9.3 Severability. In the event that any one or more of the provisions contained herein is held invalid, illegal or unenforceable in any respect for any reason in any jurisdiction, the validity, legality and enforceability of any such provision in every other respect and of the remaining provisions hereof shall not be in any way impaired or affected (so long as the economic or legal substance of the transactions contemplated hereby is not affected in any manner materially adverse to any party), it being intended that each of the parties’ rights and privileges shall be enforceable to the fullest extent permitted by applicable Legal Requirements, and any such invalidity, illegality and unenforceability in any jurisdiction shall not invalidate or render unenforceable such provision in any other jurisdiction (so long as the economic or legal substance of the transactions contemplated hereby is not affected in any manner materially adverse to any party). If any court of competent jurisdiction determines that any provision of this Agreement is invalid, illegal or unenforceable, such court has the power to fashion and enforce another provision (instead of the provision held to be invalid, illegal or unenforceable) that is valid, legal and enforceable and carries out the intentions of the parties hereto under this Agreement and, in the event that such court does not exercise such power, the parties hereto shall negotiate in good faith in an attempt to agree to another provision (instead of the provision held to be invalid, illegal or unenforceable) that is valid, legal and enforceable and carries out the parties’ intentions to the greatest lawful extent under this Agreement.

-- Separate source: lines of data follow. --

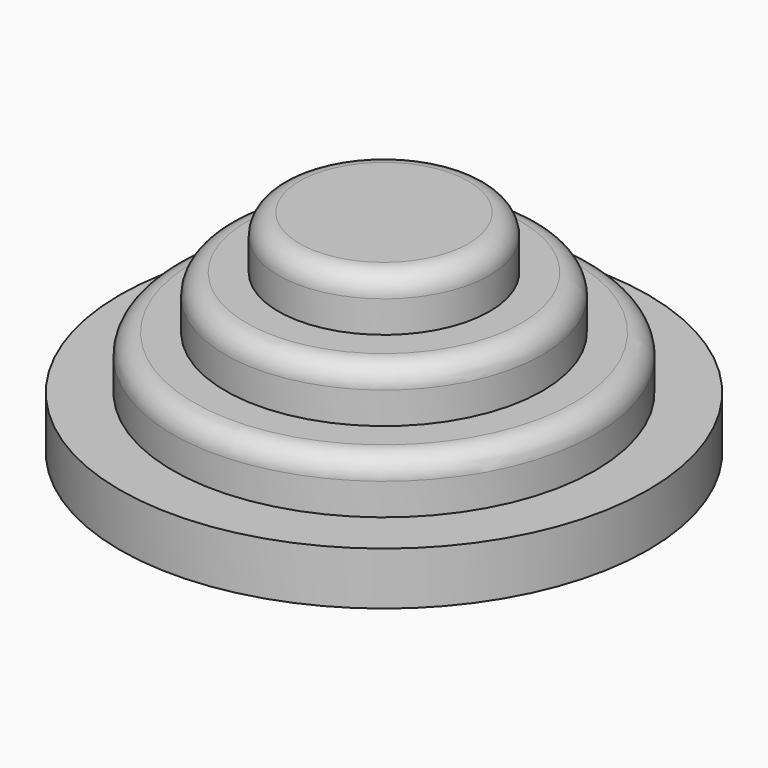
from build123d import *

# Parameters (mm, degrees)
F0_R     = 63.5
F1_DEPTH = 12.7
F4_R     = 50.8
F5_DEPTH = 25.4
F6_R     = 38.1
F7_DEPTH = 38.1
F8_R     = 25.4
F9_DEPTH = 50.8
F10_R    = 5.08
F11_R    = 5.08
F12_R    = 5.08


# Not quite as in the source:
# - the program builds the solid bodies; features that only make, move or delete a surface that nothing else refers to are left out


with BuildPart() as f1:
    # F0 (on Top) → F1 (new body)
    with BuildSketch(Plane.XY):
        Circle(F0_R)
    extrude(amount=F1_DEPTH)

    # F4 (on Top) → F5 (join)
    with BuildSketch(Plane.XY):
        Circle(F4_R)
    extrude(amount=F5_DEPTH)

    # F6 (on Top) → F7 (join)
    with BuildSketch(Plane.XY):
        Circle(F6_R)
    extrude(amount=F7_DEPTH)

    # F8 (on Top) → F9 (join)
    with BuildSketch(Plane.XY):
        Circle(F8_R)
    extrude(amount=F9_DEPTH)

    # F10
    f10_edges = [f1.edges().sort_by_distance(p)[0] for p in [
        (-25.4, 0, 50.8),
    ]]
    fillet(f10_edges, radius=F10_R)

    # F11
    f11_edges = [f1.edges().sort_by_distance(p)[0] for p in [
        (-38.1, 0, 38.1),
    ]]
    fillet(f11_edges, radius=F11_R)

    # F12
    f12_edges = [f1.edges().sort_by_distance(p)[0] for p in [
        (-50.8, 0, 25.4),
    ]]
    fillet(f12_edges, radius=F12_R)


solid = f1.part

9.4 Third Parties. Except as specifically set forth or referred to, nothing herein expressed or implied is intended or shall be construed to confer upon or give to any Person, other than the parties hereto and their permitted successors and assigns, any rights or remedies under or by reason of this Agreement or any other certificate, document, instrument or agreement executed in connection herewith nor be relied upon other than the parties hereto and their permitted successors or assigns.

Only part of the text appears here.